TIP: Click on subject to list as thread! ANSI
echo: educator
to: FRANK TOPPING
from: MATT SMITH
date: 1997-01-29 15:03:00
subject: Re: Ebonic Plague

FT>  MS>     I notice the student did not have to talk in 
FT>  MS> "Ebonics" to congressmen, probably because he knew it 
FT>  MS> would not impress them _and_ because few of them would 
FT>  MS> understand it if "Ebonics" was indeed a "foreign 
FT>  MS> language" that they never studied.
FT> 
FT> I never said a student needed to talk in Ebonics or any other 
FT> dialect.
FT> I don't believe they should be encouraged to use it but if frustrated 
FT> in younger years it would be far better to feel free to get a 
FT> question 
FT> out than sit mute out of frustration and shame.
    There's a professor who became famous about 10 years ago for his way of 
getting students to learn French fluently.  He took these college students up 
to a small town in Quebec for three weeks (as a summer course), and they 
_had_ to learn French to interact with the locals even to the extent of 
asking where the toilet was or ordering food at the local cafe.  He ran this 
course each summer, and his students got fluent in conversational French in 
three weeks.
    If English-speaking college kids could learn French this way, why not 
take a similar approach with K-12 kids whose native language is "Ebonics" in 
order to get them to learn standard English?
FT> In the case of inner-city kids studying programming I don't think 
FT> it would hurt to lighten the moment *occasionally* by saying 
FT> something 
FT> like raising a chips *CS & *WE means "Heads up dude!
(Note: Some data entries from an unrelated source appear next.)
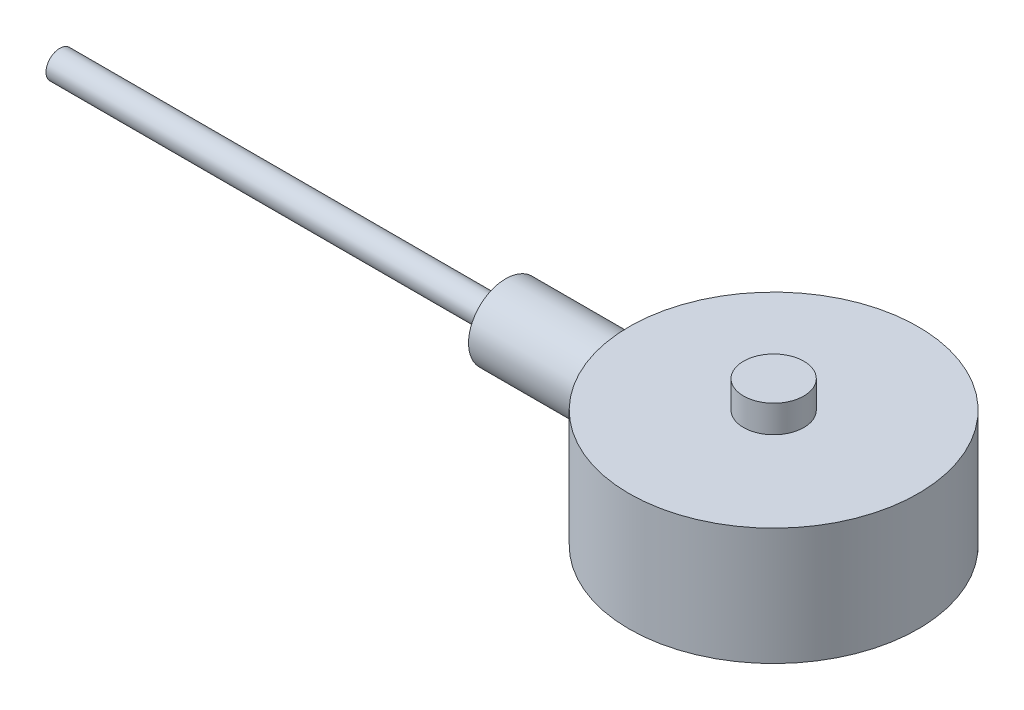
ISO-10303-21;
HEADER;
FILE_DESCRIPTION(('STEP AP214'),'2;1');
FILE_NAME('part.step','',(''),(''),'','','');
FILE_SCHEMA(('AUTOMOTIVE_DESIGN { 1 0 10303 214 1 1 1 1 }'));
ENDSEC;
DATA;
#1=APPLICATION_CONTEXT('core data for automotive mechanical design processes');
#2=APPLICATION_PROTOCOL_DEFINITION('international standard','automotive_design',2000,#1);
#3=PRODUCT_CONTEXT('',#1,'mechanical');
#4=PRODUCT('Part','Part','',(#3));
#5=PRODUCT_RELATED_PRODUCT_CATEGORY('part','',(#4));
#6=PRODUCT_DEFINITION_FORMATION('','',#4);
#7=PRODUCT_DEFINITION_CONTEXT('part definition',#1,'design');
#8=PRODUCT_DEFINITION('design','',#6,#7);
#9=PRODUCT_DEFINITION_SHAPE('','',#8);
#10=(LENGTH_UNIT() NAMED_UNIT(*) SI_UNIT(.MILLI.,.METRE.));
#11=(NAMED_UNIT(*) PLANE_ANGLE_UNIT() SI_UNIT($,.RADIAN.));
#12=(NAMED_UNIT(*) SI_UNIT($,.STERADIAN.) SOLID_ANGLE_UNIT());
#13=UNCERTAINTY_MEASURE_WITH_UNIT(LENGTH_MEASURE(1.E-05),#10,'distance_accuracy_value','');
#14=(GEOMETRIC_REPRESENTATION_CONTEXT(3) GLOBAL_UNCERTAINTY_ASSIGNED_CONTEXT((#13)) GLOBAL_UNIT_ASSIGNED_CONTEXT((#10,
#11,#12)) REPRESENTATION_CONTEXT('',''));
#15=CARTESIAN_POINT('',(0.,0.,0.));
#16=DIRECTION('',(0.,0.,1.));
#17=DIRECTION('',(1.,0.,0.));
#18=AXIS2_PLACEMENT_3D('',#15,#16,#17);
#19=CARTESIAN_POINT('',(0.,20.6,0.));
#20=DIRECTION('',(0.,-1.,0.));
#21=DIRECTION('',(0.,0.,-1.));
#22=AXIS2_PLACEMENT_3D('',#19,#20,#21);
#23=CYLINDRICAL_SURFACE('',#22,25.4);
#24=CARTESIAN_POINT('',(0.,20.6,0.));
#25=DIRECTION('',(0.,1.,0.));
#26=DIRECTION('',(0.,0.,1.));
#27=AXIS2_PLACEMENT_3D('',#24,#25,#26);
#28=CIRCLE('',#27,25.4);
#29=CARTESIAN_POINT('',(0.,20.6,25.4));
#30=VERTEX_POINT('',#29);
#31=EDGE_CURVE('E148',#30,#30,#28,.T.);
#32=ORIENTED_EDGE('',*,*,#31,.F.);
#33=EDGE_LOOP('',(#32));
#34=FACE_BOUND('',#33,.T.);
#35=CARTESIAN_POINT('',(0.,0.,0.));
#36=DIRECTION('',(0.,1.,0.));
#37=DIRECTION('',(0.,0.,1.));
#38=AXIS2_PLACEMENT_3D('',#35,#36,#37);
#39=CIRCLE('',#38,25.4);
#40=CARTESIAN_POINT('',(0.,0.,25.4));
#41=VERTEX_POINT('',#40);
#42=EDGE_CURVE('E145',#41,#41,#39,.T.);
#43=ORIENTED_EDGE('',*,*,#42,.T.);
#44=EDGE_LOOP('',(#43));
#45=FACE_BOUND('',#44,.T.);
#46=CARTESIAN_POINT('',(-25.4,17.060710463196,0.));
#47=CARTESIAN_POINT('',(-25.4000035309781,17.0607161739469,-0.180358619735467));
#48=CARTESIAN_POINT('',(-25.3980762095038,17.0532405049561,-0.360656037255291));
#49=CARTESIAN_POINT('',(-25.3904285228486,17.0234147226726,-0.719985920177956));
#50=CARTESIAN_POINT('',(-25.38470775899,17.0010630459618,-0.899018250625549));
#51=CARTESIAN_POINT('',(-25.3696251248397,16.9416600714324,-1.25451223583821));
#52=CARTESIAN_POINT('',(-25.3602622448064,16.9046046970988,-1.43097316361933));
#53=CARTESIAN_POINT('',(-25.3381502614576,16.8160896920976,-1.78009664988875));
#54=CARTESIAN_POINT('',(-25.3253999096587,16.7646247502767,-1.95275778247063));
#55=CARTESIAN_POINT('',(-25.2968852927623,16.6478063229631,-2.29273876671654));
#56=CARTESIAN_POINT('',(-25.2811259857349,16.5824756655066,-2.46006688393031));
#57=CARTESIAN_POINT('',(-25.2469982439923,16.4383558007341,-2.78861503010073));
#58=CARTESIAN_POINT('',(-25.2286288455333,16.3595616199926,-2.94983277490007));
#59=CARTESIAN_POINT('',(-25.1897790724341,16.1891308854188,-3.26499972746324));
#60=CARTESIAN_POINT('',(-25.169299445795,16.0974988780271,-3.41895148274231));
#61=CARTESIAN_POINT('',(-25.1267646702903,15.9020153610447,-3.71869059750719));
#62=CARTESIAN_POINT('',(-25.104708921441,15.7981591882315,-3.86447480976796));
#63=CARTESIAN_POINT('',(-25.0361777269127,15.4650832725142,-4.29354444894935));
#64=CARTESIAN_POINT('',(-24.9880945331316,15.2175342762225,-4.56266684487257));
#65=CARTESIAN_POINT('',(-24.892974870596,14.680904613669,-5.05600849228562));
#66=CARTESIAN_POINT('',(-24.8459385274736,14.3918189933245,-5.28022237988001));
#67=CARTESIAN_POINT('',(-24.7797558992645,13.9305420846982,-5.57981842753432));
#68=CARTESIAN_POINT('',(-24.7582646826717,13.7707355488543,-5.67418613655783));
#69=CARTESIAN_POINT('',(-24.7175310486715,13.4434736235015,-5.84907888471117));
#70=CARTESIAN_POINT('',(-24.6982877550784,13.2760212497906,-5.92960932307542));
#71=CARTESIAN_POINT('',(-24.6626286220092,12.9345705748769,-6.07621986184053));
#72=CARTESIAN_POINT('',(-24.6462135373806,12.7605705411585,-6.14229610568932));
#73=CARTESIAN_POINT('',(-24.6167316475934,12.4073774509224,-6.2594066687505));
#74=CARTESIAN_POINT('',(-24.6036634429281,12.2281865999636,-6.31044727649983));
#75=CARTESIAN_POINT('',(-24.5815143780469,11.8696371510568,-6.39617633132587));
#76=CARTESIAN_POINT('',(-24.5723564332697,11.6903591289952,-6.43118200149018));
#77=CARTESIAN_POINT('',(-24.5579278365064,11.3294152462892,-6.48606103157617));
#78=CARTESIAN_POINT('',(-24.5526556737093,11.1477503416686,-6.50594027282484));
#79=CARTESIAN_POINT('',(-24.5461583464484,10.7833145767009,-6.53041128019899));
#80=CARTESIAN_POINT('',(-24.5449333333155,10.6005436752544,-6.53500247467418));
#81=CARTESIAN_POINT('',(-24.5465695004962,10.2352797980459,-6.5288541350792));
#82=CARTESIAN_POINT('',(-24.5494306200815,10.0527868181938,-6.5181148288521));
#83=CARTESIAN_POINT('',(-24.5590219036603,9.69417476563703,-6.48188098588797));
#84=CARTESIAN_POINT('',(-24.5656495850964,9.51801330039964,-6.45677716686732));
#85=CARTESIAN_POINT('',(-24.5825013454958,9.16843037164685,-6.39231852535284));
#86=CARTESIAN_POINT('',(-24.5927266581541,8.99500986940246,-6.35295881411013));
#87=CARTESIAN_POINT('',(-24.6164704013353,8.65221802467578,-6.26032484886127));
#88=CARTESIAN_POINT('',(-24.6299878092343,8.48284544269429,-6.20705491541828));
#89=CARTESIAN_POINT('',(-24.6599349502071,8.14916103691418,-6.08698894208121));
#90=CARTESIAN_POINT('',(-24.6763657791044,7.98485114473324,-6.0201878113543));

You be gettin' 
FT> this". 
    I don't have any problem with that.  But you don't need 
bilingual-education money to do that!
FT> If young children are coming to school with Ebonics as a familiar 
FT> base 
FT> that is even "partially set" it would be far better to deal with it 
FT> as a special ed situation rather than trying to jockey around it out 
FT> of ignorance.  That just creates a stressful situation for the child
    School is stressful for _all_ children, not just those who speak 
"Ebonics".  Ask any kid of any race whether school is stressful just after 
his big math test.
FT> In the medical profession -- have they recognized that a home 
FT> environment setting for birthing is less stressful?  They sure have!
    That has not resulted in most deliveries being at home.